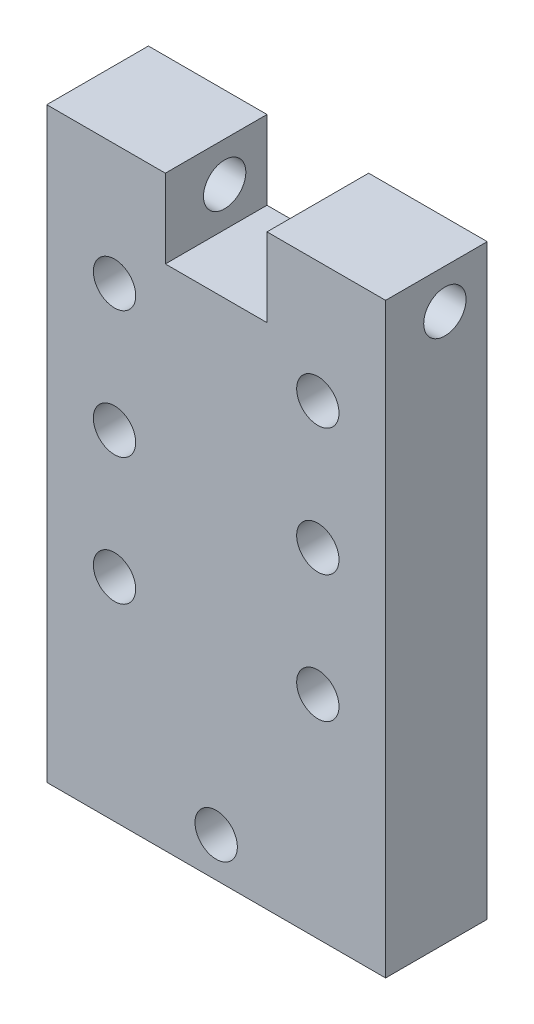
ISO-10303-21;
HEADER;
FILE_DESCRIPTION(('STEP AP214'),'2;1');
FILE_NAME('part.step','',(''),(''),'','','');
FILE_SCHEMA(('AUTOMOTIVE_DESIGN { 1 0 10303 214 1 1 1 1 }'));
ENDSEC;
DATA;
#1=APPLICATION_CONTEXT('core data for automotive mechanical design processes');
#2=APPLICATION_PROTOCOL_DEFINITION('international standard','automotive_design',2000,#1);
#3=PRODUCT_CONTEXT('',#1,'mechanical');
#4=PRODUCT('Part','Part','',(#3));
#5=PRODUCT_RELATED_PRODUCT_CATEGORY('part','',(#4));
#6=PRODUCT_DEFINITION_FORMATION('','',#4);
#7=PRODUCT_DEFINITION_CONTEXT('part definition',#1,'design');
#8=PRODUCT_DEFINITION('design','',#6,#7);
#9=PRODUCT_DEFINITION_SHAPE('','',#8);
#10=(LENGTH_UNIT() NAMED_UNIT(*) SI_UNIT(.MILLI.,.METRE.));
#11=(NAMED_UNIT(*) PLANE_ANGLE_UNIT() SI_UNIT($,.RADIAN.));
#12=(NAMED_UNIT(*) SI_UNIT($,.STERADIAN.) SOLID_ANGLE_UNIT());
#13=UNCERTAINTY_MEASURE_WITH_UNIT(LENGTH_MEASURE(1.E-05),#10,'distance_accuracy_value','');
#14=(GEOMETRIC_REPRESENTATION_CONTEXT(3) GLOBAL_UNCERTAINTY_ASSIGNED_CONTEXT((#13)) GLOBAL_UNIT_ASSIGNED_CONTEXT((#10,
#11,#12)) REPRESENTATION_CONTEXT('',''));
#15=CARTESIAN_POINT('',(0.,0.,0.));
#16=DIRECTION('',(0.,0.,1.));
#17=DIRECTION('',(1.,0.,0.));
#18=AXIS2_PLACEMENT_3D('',#15,#16,#17);
#19=CARTESIAN_POINT('',(12.,-9.64101615137754,12.));
#20=DIRECTION('',(0.,0.,-1.));
#21=DIRECTION('',(-1.,0.,0.));
#22=AXIS2_PLACEMENT_3D('',#19,#20,#21);
#23=CYLINDRICAL_SURFACE('',#22,2.5);
#24=CARTESIAN_POINT('',(12.,-9.64101615137754,12.));
#25=DIRECTION('',(0.,0.,-1.));
#26=DIRECTION('',(-1.,0.,0.));
#27=AXIS2_PLACEMENT_3D('',#24,#25,#26);
#28=CIRCLE('',#27,2.5);
#29=CARTESIAN_POINT('',(9.5,-9.64101615137754,12.));
#30=VERTEX_POINT('',#29);
#31=EDGE_CURVE('E180',#30,#30,#28,.T.);
#32=ORIENTED_EDGE('',*,*,#31,.F.);
#33=EDGE_LOOP('',(#32));
#34=FACE_BOUND('',#33,.T.);
#35=CARTESIAN_POINT('',(12.,-9.64101615137754,3.));
#36=DIRECTION('',(0.,0.,-1.));
#37=DIRECTION('',(-1.,0.,0.));
#38=AXIS2_PLACEMENT_3D('',#35,#36,#37);
#39=CIRCLE('',#38,2.5);
#40=CARTESIAN_POINT('',(9.5,-9.64101615137754,3.));
#41=VERTEX_POINT('',#40);
#42=EDGE_CURVE('E37',#41,#41,#39,.F.);
#43=ORIENTED_EDGE('',*,*,#42,.F.);
#44=EDGE_LOOP('',(#43));
#45=FACE_BOUND('',#44,.T.);
#46=ADVANCED_FACE('F33',(#34,#45),#23,.F.);
#47=CARTESIAN_POINT('',(12.,5.35898384862245,12.));
#48=DIRECTION('',(0.,0.,-1.));
#49=DIRECTION('',(-1.,0.,0.));
#50=AXIS2_PLACEMENT_3D('',#47,#48,#49);
#51=CYLINDRICAL_SURFACE('',#50,2.5);
#52=CARTESIAN_POINT('',(12.,5.35898384862245,12.));
#53=DIRECTION('',(0.,0.,-1.));
#54=DIRECTION('',(-1.,0.,0.));
#55=AXIS2_PLACEMENT_3D('',#52,#53,#54);
#56=CIRCLE('',#55,2.5);
#57=CARTESIAN_POINT('',(9.5,5.35898384862245,12.));
#58=VERTEX_POINT('',#57);
#59=EDGE_CURVE('E183',#58,#58,#56,.T.);
#60=ORIENTED_EDGE('',*,*,#59,.F.);
#61=EDGE_LOOP('',(#60));
#62=FACE_BOUND('',#61,.T.);
#63=CARTESIAN_POINT('',(12.,5.35898384862245,3.));
#64=DIRECTION('',(0.,0.,-1.));
#65=DIRECTION('',(-1.,0.,0.));
#66=AXIS2_PLACEMENT_3D('',#63,#64,#65);
#67=CIRCLE('',#66,2.5);
#68=CARTESIAN_POINT('',(9.5,5.35898384862245,3.));
#69=VERTEX_POINT('',#68);
#70=EDGE_CURVE('E162',#69,#69,#67,.F.);
#71=ORIENTED_EDGE('',*,*,#70,.F.);
#72=EDGE_LOOP('',(#71));
#73=FACE_BOUND('',#72,.T.);
#74=ADVANCED_FACE('F245',(#62,#73),#51,.F.);
#75=CARTESIAN_POINT('',(12.,20.3589838486225,12.));
#76=DIRECTION('',(0.,0.,-1.));
#77=DIRECTION('',(-1.,0.,0.));
#78=AXIS2_PLACEMENT_3D('',#75,#76,#77);
#79=CYLINDRICAL_SURFACE('',#78,2.5);
#80=CARTESIAN_POINT('',(12.,20.3589838486225,12.));
#81=DIRECTION('',(0.,0.,-1.));
#82=DIRECTION('',(-1.,0.,0.));
#83=AXIS2_PLACEMENT_3D('',#80,#81,#82);
#84=CIRCLE('',#83,2.5);
#85=CARTESIAN_POINT('',(9.50000000000001,20.3589838486225,12.));
#86=VERTEX_POINT('',#85);
#87=EDGE_CURVE('E338',#86,#86,#84,.T.);
#88=ORIENTED_EDGE('',*,*,#87,.F.);
#89=EDGE_LOOP('',(#88));
#90=FACE_BOUND('',#89,.T.);
#91=CARTESIAN_POINT('',(12.,20.3589838486225,3.));
#92=DIRECTION('',(0.,0.,-1.));
#93=DIRECTION('',(-1.,0.,0.));
#94=AXIS2_PLACEMENT_3D('',#91,#92,#93);
#95=CIRCLE('',#94,2.5);
#96=CARTESIAN_POINT('',(9.50000000000001,20.3589838486225,3.));
#97=VERTEX_POINT('',#96);
#98=EDGE_CURVE('E160',#97,#97,#95,.F.);
#99=ORIENTED_EDGE('',*,*,#98,.F.);
#100=EDGE_LOOP('',(#99));
#101=FACE_BOUND('',#100,.T.);
#102=ADVANCED_FACE('F251',(#90,#101),#79,.F.);
#103=CARTESIAN_POINT('',(-12.,20.3589838486225,12.));
#104=DIRECTION('',(0.,0.,-1.));
#105=DIRECTION('',(-1.,0.,0.));
#106=AXIS2_PLACEMENT_3D('',#103,#104,#105);
#107=CYLINDRICAL_SURFACE('',#106,2.5);
#108=CARTESIAN_POINT('',(-12.,20.3589838486225,12.));
#109=DIRECTION('',(0.,0.,-1.));
#110=DIRECTION('',(1.,0.,0.));
#111=AXIS2_PLACEMENT_3D('',#108,#109,#110);
#112=CIRCLE('',#111,2.5);
#113=CARTESIAN_POINT('',(-9.50000000000001,20.3589838486225,12.));
#114=VERTEX_POINT('',#113);
#115=EDGE_CURVE('E176',#114,#114,#112,.T.);
#116=ORIENTED_EDGE('',*,*,#115,.F.);
#117=EDGE_LOOP('',(#116));
#118=FACE_BOUND('',#117,.T.);
#119=CARTESIAN_POINT('',(-12.,20.3589838486225,3.));
#120=DIRECTION('',(0.,0.,-1.));
#121=DIRECTION('',(-1.,0.,0.));
#122=AXIS2_PLACEMENT_3D('',#119,#120,#121);
#123=CIRCLE('',#122,2.5);
#124=CARTESIAN_POINT('',(-14.5,20.3589838486225,3.));
#125=VERTEX_POINT('',#124);
#126=EDGE_CURVE('E157',#125,#125,#123,.F.);
#127=ORIENTED_EDGE('',*,*,#126,.F.);
#128=EDGE_LOOP('',(#127));
#129=FACE_BOUND('',#128,.T.);
#130=ADVANCED_FACE('F345',(#118,#129),#107,.F.);
#131=CARTESIAN_POINT('',(-12.,5.35898384862245,12.));
#132=DIRECTION('',(0.,0.,-1.));
#133=DIRECTION('',(-1.,0.,0.));
#134=AXIS2_PLACEMENT_3D('',#131,#132,#133);
#135=CYLINDRICAL_SURFACE('',#134,2.5);
#136=CARTESIAN_POINT('',(-12.,5.35898384862245,12.));
#137=DIRECTION('',(0.,0.,-1.));
#138=DIRECTION('',(1.,0.,0.));
#139=AXIS2_PLACEMENT_3D('',#136,#137,#138);
#140=CIRCLE('',#139,2.5);
#141=CARTESIAN_POINT('',(-9.5,5.35898384862245,12.));
#142=VERTEX_POINT('',#141);
#143=EDGE_CURVE('E171',#142,#142,#140,.T.);
#144=ORIENTED_EDGE('',*,*,#143,.F.);
#145=EDGE_LOOP('',(#144));
#146=FACE_BOUND('',#145,.T.);
#147=CARTESIAN_POINT('',(-12.,5.35898384862245,3.));
#148=DIRECTION('',(0.,0.,-1.));
#149=DIRECTION('',(-1.,0.,0.));
#150=AXIS2_PLACEMENT_3D('',#147,#148,#149);
#151=CIRCLE('',#150,2.5);
#152=CARTESIAN_POINT('',(-14.5,5.35898384862245,3.));
#153=VERTEX_POINT('',#152);
#154=EDGE_CURVE('E153',#153,#153,#151,.F.);
#155=ORIENTED_EDGE('',*,*,#154,.F.);
#156=EDGE_LOOP('',(#155));
#157=FACE_BOUND('',#156,.T.);
#158=ADVANCED_FACE('F348',(#146,#157),#135,.F.);
#159=CARTESIAN_POINT('',(-12.,-9.64101615137754,12.));
#160=DIRECTION('',(0.,0.,-1.));
#161=DIRECTION('',(-1.,0.,0.));
#162=AXIS2_PLACEMENT_3D('',#159,#160,#161);
#163=CYLINDRICAL_SURFACE('',#162,2.5);
#164=CARTESIAN_POINT('',(-12.,-9.64101615137754,12.));
#165=DIRECTION('',(0.,0.,-1.));
#166=DIRECTION('',(1.,0.,0.));
#167=AXIS2_PLACEMENT_3D('',#164,#165,#166);
#168=CIRCLE('',#167,2.5);
#169=CARTESIAN_POINT('',(-9.5,-9.64101615137754,12.));
#170=VERTEX_POINT('',#169);
#171=EDGE_CURVE('E167',#170,#170,#168,.T.);
#172=ORIENTED_EDGE('',*,*,#171,.F.);
#173=EDGE_LOOP('',(#172));
#174=FACE_BOUND('',#173,.T.);
#175=CARTESIAN_POINT('',(-12.,-9.64101615137754,3.));
#176=DIRECTION('',(0.,0.,-1.));
#177=DIRECTION('',(-1.,0.,0.));
#178=AXIS2_PLACEMENT_3D('',#175,#176,#177);
#179=CIRCLE('',#178,2.5);
#180=CARTESIAN_POINT('',(-14.5,-9.64101615137754,3.));
#181=VERTEX_POINT('',#180);
#182=EDGE_CURVE('E150',#181,#181,#179,.F.);
#183=ORIENTED_EDGE('',*,*,#182,.F.);
#184=EDGE_LOOP('',(#183));
#185=FACE_BOUND('',#184,.T.);
#186=ADVANCED_FACE('F243',(#174,#185),#163,.F.);
#187=CARTESIAN_POINT('',(-20.,34.6410161513776,12.));
#188=DIRECTION('',(0.,-1.,0.));
#189=DIRECTION('',(0.,0.,-1.));
#190=AXIS2_PLACEMENT_3D('',#187,#188,#189);
#191=PLANE('',#190);
#192=DIRECTION('',(-1.,0.,0.));
#193=VECTOR('',#192,1.);
#194=CARTESIAN_POINT('',(-20.,34.6410161513776,0.));
#195=LINE('',#194,#193);
#196=CARTESIAN_POINT('',(20.,34.6410161513776,0.));
#197=VERTEX_POINT('',#196);
#198=CARTESIAN_POINT('',(6.,34.6410161513776,0.));
#199=VERTEX_POINT('',#198);
#200=EDGE_CURVE('E121',#197,#199,#195,.T.);
#201=ORIENTED_EDGE('',*,*,#200,.T.);
#202=DIRECTION('',(0.,0.,1.));
#203=VECTOR('',#202,1.);
#204=CARTESIAN_POINT('',(6.,34.6410161513776,0.));
#205=LINE('',#204,#203);
#206=CARTESIAN_POINT('',(6.,34.6410161513776,12.));
#207=VERTEX_POINT('',#206);
#208=EDGE_CURVE('E109',#199,#207,#205,.T.);
#209=ORIENTED_EDGE('',*,*,#208,.T.);
#210=DIRECTION('',(-1.,0.,0.));
#211=VECTOR('',#210,1.);
#212=CARTESIAN_POINT('',(-20.,34.6410161513776,12.));
#213=LINE('',#212,#211);
#214=CARTESIAN_POINT('',(20.,34.6410161513776,12.));
#215=VERTEX_POINT('',#214);
#216=EDGE_CURVE('E87',#215,#207,#213,.T.);
#217=ORIENTED_EDGE('',*,*,#216,.F.);
#218=DIRECTION('',(0.,0.,-1.));
#219=VECTOR('',#218,1.);
#220=CARTESIAN_POINT('',(20.,34.6410161513776,12.));
#221=LINE('',#220,#219);
#222=EDGE_CURVE('E11',#215,#197,#221,.T.);
#223=ORIENTED_EDGE('',*,*,#222,.T.);
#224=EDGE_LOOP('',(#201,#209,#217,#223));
^^^^
Search the records for the string "VECTOR" and report each line that has it.

Reply to the exercise:
#193=VECTOR('',#192,1.);
#203=VECTOR('',#202,1.);
#211=VECTOR('',#210,1.);
#219=VECTOR('',#218,1.);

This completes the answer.